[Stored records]

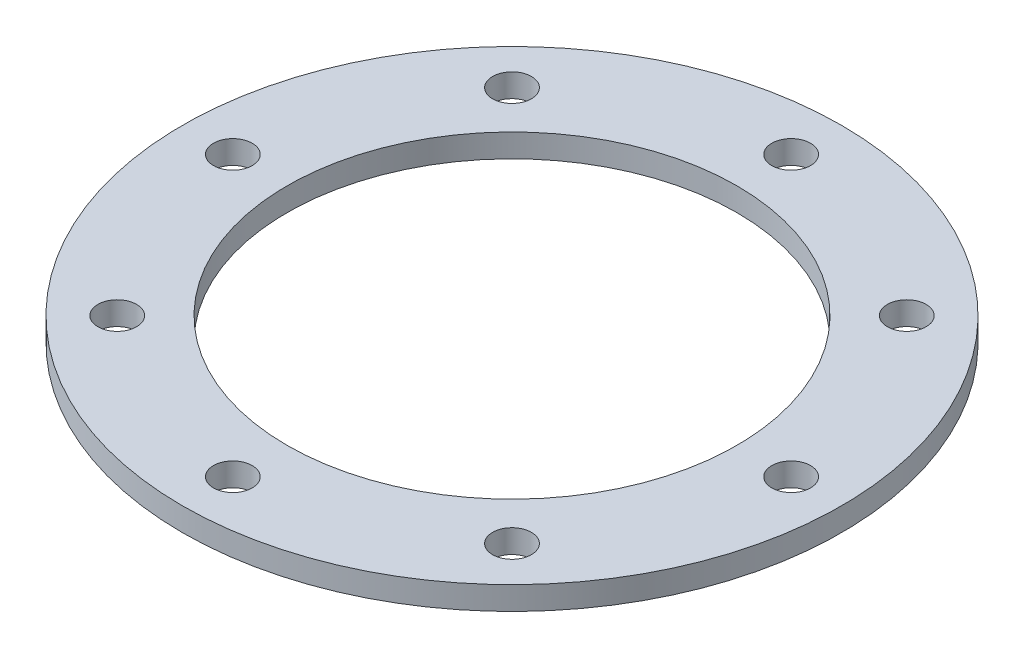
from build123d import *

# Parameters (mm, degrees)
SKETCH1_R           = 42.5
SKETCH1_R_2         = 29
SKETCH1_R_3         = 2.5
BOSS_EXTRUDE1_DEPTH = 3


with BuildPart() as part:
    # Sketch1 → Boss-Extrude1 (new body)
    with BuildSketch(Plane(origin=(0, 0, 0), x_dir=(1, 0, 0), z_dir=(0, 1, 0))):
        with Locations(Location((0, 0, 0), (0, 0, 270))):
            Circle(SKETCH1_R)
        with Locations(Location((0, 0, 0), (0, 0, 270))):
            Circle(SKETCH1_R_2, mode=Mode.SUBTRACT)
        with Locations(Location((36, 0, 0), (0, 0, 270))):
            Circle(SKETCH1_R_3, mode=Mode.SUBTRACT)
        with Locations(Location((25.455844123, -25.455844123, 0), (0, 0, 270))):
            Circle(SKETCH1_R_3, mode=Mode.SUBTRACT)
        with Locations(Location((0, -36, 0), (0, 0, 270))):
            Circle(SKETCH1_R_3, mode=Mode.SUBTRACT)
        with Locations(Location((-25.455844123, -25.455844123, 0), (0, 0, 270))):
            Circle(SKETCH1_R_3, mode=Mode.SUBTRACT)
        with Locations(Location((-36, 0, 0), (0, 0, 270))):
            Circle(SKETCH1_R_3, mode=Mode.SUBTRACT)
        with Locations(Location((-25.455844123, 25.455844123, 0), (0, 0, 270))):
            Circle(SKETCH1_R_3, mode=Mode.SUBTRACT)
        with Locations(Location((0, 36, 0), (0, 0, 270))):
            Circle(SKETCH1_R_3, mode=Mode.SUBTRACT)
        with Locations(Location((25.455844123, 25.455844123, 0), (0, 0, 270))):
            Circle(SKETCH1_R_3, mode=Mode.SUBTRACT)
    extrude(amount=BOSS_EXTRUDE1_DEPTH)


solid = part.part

Task item: What is needed is every line of the records above that contains the word "with".

Result for this task:
with BuildPart() as part:
    with BuildSketch(Plane(origin=(0, 0, 0), x_dir=(1, 0, 0), z_dir=(0, 1, 0))):
        with Locations(Location((0, 0, 0), (0, 0, 270))):
        with Locations(Location((0, 0, 0), (0, 0, 270))):
        with Locations(Location((36, 0, 0), (0, 0, 270))):
        with Locations(Location((25.455844123, -25.455844123, 0), (0, 0, 270))):
        with Locations(Location((0, -36, 0), (0, 0, 270))):
        with Locations(Location((-25.455844123, -25.455844123, 0), (0, 0, 270))):
        with Locations(Location((-36, 0, 0), (0, 0, 270))):
        with Locations(Location((-25.455844123, 25.455844123, 0), (0, 0, 270))):
        with Locations(Location((0, 36, 0), (0, 0, 270))):
        with Locations(Location((25.455844123, 25.455844123, 0), (0, 0, 270))):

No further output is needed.